>>>
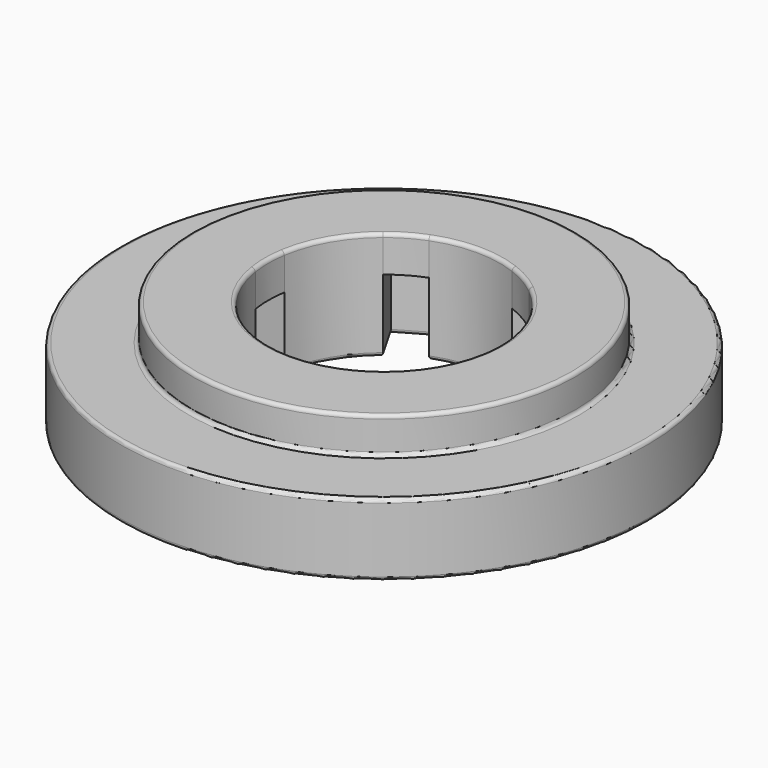
from build123d import *

# Parameters (mm, degrees)
F0_R     = 36.5
F0_R_2   = 26.5
F1_DEPTH = 10
F2_DEPTH = 15
F3_DEPTH = 10
F4_R     = 0.5


with BuildPart() as f1:
    # F0 (on Top) → F1 (new body)
    with BuildSketch(Plane.XY):
        Circle(F0_R)
        Circle(F0_R_2, mode=Mode.SUBTRACT)
        Circle(F0_R_2)
        with BuildLine():
            ThreePointArc((10.066804, 12.436216), (13.856406, 8), (15.803481, 2.5))
            Line((15.803481, 2.5), (21.303481, 2.5))
            Line((21.303481, 2.5), (21.303481, -2.5))
            Line((21.303481, -2.5), (15.803481, -2.5))
            ThreePointArc((15.803481, -2.5), (13.856406, -8), (10.066804, -12.436216))
            Line((10.066804, -12.436216), (12.816804, -17.199355))
            Line((12.816804, -17.199355), (8.486677, -19.699355))
            Line((8.486677, -19.699355), (5.736677, -14.936216))
            ThreePointArc((5.736677, -14.936216), (0, -16), (-5.736677, -14.936216))
            Line((-5.736677, -14.936216), (-8.486677, -19.699355))
            Line((-8.486677, -19.699355), (-12.816804, -17.199355))
            Line((-12.816804, -17.199355), (-10.066804, -12.436216))
            ThreePointArc((-10.066804, -12.436216), (-13.856406, -8), (-15.803481, -2.5))
            Line((-15.803481, -2.5), (-21.303481, -2.5))
            Line((-21.303481, -2.5), (-21.303481, 2.5))
            Line((-21.303481, 2.5), (-15.803481, 2.5))
            ThreePointArc((-15.803481, 2.5), (-13.856406, 8), (-10.066804, 12.436216))
            Line((-10.066804, 12.436216), (-12.816804, 17.199355))
            Line((-12.816804, 17.199355), (-8.486677, 19.699355))
            Line((-8.486677, 19.699355), (-5.736677, 14.936216))
            ThreePointArc((-5.736677, 14.936216), (0, 16), (5.736677, 14.936216))
            Line((5.736677, 14.936216), (8.486677, 19.699355))
            Line((8.486677, 19.699355), (12.816804, 17.199355))
            Line((12.816804, 17.199355), (10.066804, 12.436216))
        make_face(mode=Mode.SUBTRACT)
        with BuildLine():
            ThreePointArc((-10.066804, 12.436216), (-8, 13.856406), (-5.736677, 14.936216))
            Line((-5.736677, 14.936216), (-8.486677, 19.699355))
            Line((-8.486677, 19.699355), (-12.816804, 17.199355))
            Line((-12.816804, 17.199355), (-10.066804, 12.436216))
        make_face()
        with BuildLine():
            ThreePointArc((5.736677, 14.936216), (8, 13.856406), (10.066804, 12.436216))
            Line((10.066804, 12.436216), (12.816804, 17.199355))
            Line((12.816804, 17.199355), (8.486677, 19.699355))
            Line((8.486677, 19.699355), (5.736677, 14.936216))
        make_face()
        with BuildLine():
            ThreePointArc((15.803481, 2.5), (15.950794, 1.253856), (16, 0))
            ThreePointArc((16, 0), (15.950794, -1.253856), (15.803481, -2.5))
            Line((15.803481, -2.5), (21.303481, -2.5))
            Line((21.303481, -2.5), (21.303481, 2.5))
            Line((21.303481, 2.5), (15.803481, 2.5))
        make_face()
        with BuildLine():
            Line((12.816804, -17.199355), (10.066804, -12.436216))
            ThreePointArc((10.066804, -12.436216), (8, -13.856406), (5.736677, -14.936216))
            Line((5.736677, -14.936216), (8.486677, -19.699355))
            Line((8.486677, -19.699355), (12.816804, -17.199355))
        make_face()
        with BuildLine():
            Line((-8.486677, -19.699355), (-5.736677, -14.936216))
            ThreePointArc((-5.736677, -14.936216), (-8, -13.856406), (-10.066804, -12.436216))
            Line((-10.066804, -12.436216), (-12.816804, -17.199355))
            Line((-12.816804, -17.199355), (-8.486677, -19.699355))
        make_face()
        with BuildLine():
            ThreePointArc((-15.803481, -2.5), (-16, 0), (-15.803481, 2.5))
            Line((-15.803481, 2.5), (-21.303481, 2.5))
            Line((-21.303481, 2.5), (-21.303481, -2.5))
            Line((-21.303481, -2.5), (-15.803481, -2.5))
        make_face()
    extrude(amount=F1_DEPTH)

    # F0 (on Top) → F2 (join)
    with BuildSketch(Plane.XY):
        Circle(F0_R_2)
        with BuildLine():
            ThreePointArc((10.066804, 12.436216), (13.856406, 8), (15.803481, 2.5))
            Line((15.803481, 2.5), (21.303481, 2.5))
            Line((21.303481, 2.5), (21.303481, -2.5))
            Line((21.303481, -2.5), (15.803481, -2.5))
            ThreePointArc((15.803481, -2.5), (13.856406, -8), (10.066804, -12.436216))
            Line((10.066804, -12.436216), (12.816804, -17.199355))
            Line((12.816804, -17.199355), (8.486677, -19.699355))
            Line((8.486677, -19.699355), (5.736677, -14.936216))
            ThreePointArc((5.736677, -14.936216), (0, -16), (-5.736677, -14.936216))
            Line((-5.736677, -14.936216), (-8.486677, -19.699355))
            Line((-8.486677, -19.699355), (-12.816804, -17.199355))
            Line((-12.816804, -17.199355), (-10.066804, -12.436216))
            ThreePointArc((-10.066804, -12.436216), (-13.856406, -8), (-15.803481, -2.5))
            Line((-15.803481, -2.5), (-21.303481, -2.5))
            Line((-21.303481, -2.5), (-21.303481, 2.5))
            Line((-21.303481, 2.5), (-15.803481, 2.5))
            ThreePointArc((-15.803481, 2.5), (-13.856406, 8), (-10.066804, 12.436216))
            Line((-10.066804, 12.436216), (-12.816804, 17.199355))
            Line((-12.816804, 17.199355), (-8.486677, 19.699355))
            Line((-8.486677, 19.699355), (-5.736677, 14.936216))
            ThreePointArc((-5.736677, 14.936216), (0, 16), (5.736677, 14.936216))
            Line((5.736677, 14.936216), (8.486677, 19.699355))
            Line((8.486677, 19.699355), (12.816804, 17.199355))
            Line((12.816804, 17.199355), (10.066804, 12.436216))
        make_face(mode=Mode.SUBTRACT)
        with BuildLine():
            ThreePointArc((-10.066804, 12.436216), (-8, 13.856406), (-5.736677, 14.936216))
            Line((-5.736677, 14.936216), (-8.486677, 19.699355))
            Line((-8.486677, 19.699355), (-12.816804, 17.199355))
            Line((-12.816804, 17.199355), (-10.066804, 12.436216))
        make_face()
        with BuildLine():
            ThreePointArc((5.736677, 14.936216), (8, 13.856406), (10.066804, 12.436216))
            Line((10.066804, 12.436216), (12.816804, 17.199355))
            Line((12.816804, 17.199355), (8.486677, 19.699355))
            Line((8.486677, 19.699355), (5.736677, 14.936216))
        make_face()
        with BuildLine():
            ThreePointArc((15.803481, 2.5), (15.950794, 1.253856), (16, 0))
            ThreePointArc((16, 0), (15.950794, -1.253856), (15.803481, -2.5))
            Line((15.803481, -2.5), (21.303481, -2.5))
            Line((21.303481, -2.5), (21.303481, 2.5))
            Line((21.303481, 2.5), (15.803481, 2.5))
        make_face()
        with BuildLine():
            Line((12.816804, -17.199355), (10.066804, -12.436216))
            ThreePointArc((10.066804, -12.436216), (8, -13.856406), (5.736677, -14.936216))
            Line((5.736677, -14.936216), (8.486677, -19.699355))
            Line((8.486677, -19.699355), (12.816804, -17.199355))
        make_face()
        with BuildLine():
            Line((-8.486677, -19.699355), (-5.736677, -14.936216))
            ThreePointArc((-5.736677, -14.936216), (-8, -13.856406), (-10.066804, -12.436216))
            Line((-10.066804, -12.436216), (-12.816804, -17.199355))
            Line((-12.816804, -17.199355), (-8.486677, -19.699355))
        make_face()
        with BuildLine():
            ThreePointArc((-15.803481, -2.5), (-16, 0), (-15.803481, 2.5))
            Line((-15.803481, 2.5), (-21.303481, 2.5))
            Line((-21.303481, 2.5), (-21.303481, -2.5))
            Line((-21.303481, -2.5), (-15.803481, -2.5))
        make_face()
    extrude(amount=F2_DEPTH)

    # F0 (on Top) → F3 (cut)
    with BuildSketch(Plane.XY):
        with BuildLine():
            ThreePointArc((5.736677, 14.936216), (8, 13.856406), (10.066804, 12.436216))
            Line((10.066804, 12.436216), (12.816804, 17.199355))
            Line((12.816804, 17.199355), (8.486677, 19.699355))
            Line((8.486677, 19.699355), (5.736677, 14.936216))
        make_face()
        with BuildLine():
            ThreePointArc((-10.066804, 12.436216), (-8, 13.856406), (-5.736677, 14.936216))
            Line((-5.736677, 14.936216), (-8.486677, 19.699355))
            Line((-8.486677, 19.699355), (-12.816804, 17.199355))
            Line((-12.816804, 17.199355), (-10.066804, 12.436216))
        make_face()
        with BuildLine():
            ThreePointArc((-15.803481, -2.5), (-16, 0), (-15.803481, 2.5))
            Line((-15.803481, 2.5), (-21.303481, 2.5))
            Line((-21.303481, 2.5), (-21.303481, -2.5))
            Line((-21.303481, -2.5), (-15.803481, -2.5))
        make_face()
        with BuildLine():
            Line((-8.486677, -19.699355), (-5.736677, -14.936216))
            ThreePointArc((-5.736677, -14.936216), (-8, -13.856406), (-10.066804, -12.436216))
            Line((-10.066804, -12.436216), (-12.816804, -17.199355))
            Line((-12.816804, -17.199355), (-8.486677, -19.699355))
        make_face()
        with BuildLine():
            Line((12.816804, -17.199355), (10.066804, -12.436216))
            ThreePointArc((10.066804, -12.436216), (8, -13.856406), (5.736677, -14.936216))
            Line((5.736677, -14.936216), (8.486677, -19.699355))
            Line((8.486677, -19.699355), (12.816804, -17.199355))
        make_face()
        with BuildLine():
            ThreePointArc((15.803481, 2.5), (15.950794, 1.253856), (16, 0))
            ThreePointArc((16, 0), (15.950794, -1.253856), (15.803481, -2.5))
            Line((15.803481, -2.5), (21.303481, -2.5))
            Line((21.303481, -2.5), (21.303481, 2.5))
            Line((21.303481, 2.5), (15.803481, 2.5))
        make_face()
    extrude(amount=F3_DEPTH, mode=Mode.SUBTRACT)

    # F4
    f4_edges = [f1.edges().sort_by_distance(p)[0] for p in [
        (-26.5, 0, 10),
        (-36.5, 0, 10),
        (-26.5, 0, 15),
        (15.803481, 2.5, 15),
        (-36.5, 0, 0),
        (13.856406, -8, 0),
        (0, -16, 0),
        (-13.856406, -8, 0),
        (-13.856406, 8, 0),
        (0, 16, 0),
        (13.856406, 8, 0),
        (-7.111677, -17.317786, 0),
        (-10.65174, -18.449355, 0),
        (-11.441804, -14.817786, 0),
        (-18.553481, -2.5, 0),
        (-21.303481, 0, 0),
        (-18.553481, 2.5, 0),
        (-11.441804, 14.817786, 0),
        (-10.65174, 18.449355, 0),
        (-7.111677, 17.317786, 0),
        (7.111677, 17.317786, 0),
        (10.65174, 18.449355, 0),
        (11.441804, 14.817786, 0),
        (18.553481, -2.5, 0),
        (21.303481, 0, 0),
        (18.553481, 2.5, 0),
        (11.441804, -14.817786, 0),
        (10.65174, -18.449355, 0),
        (7.111677, -17.317786, 0),
    ]]
    fillet(f4_edges, radius=F4_R)


solid = f1.part
<<<
→ Task goal:
Write the number of lines in the data above that contain "amount", adding no other words.

→ Written answer:
3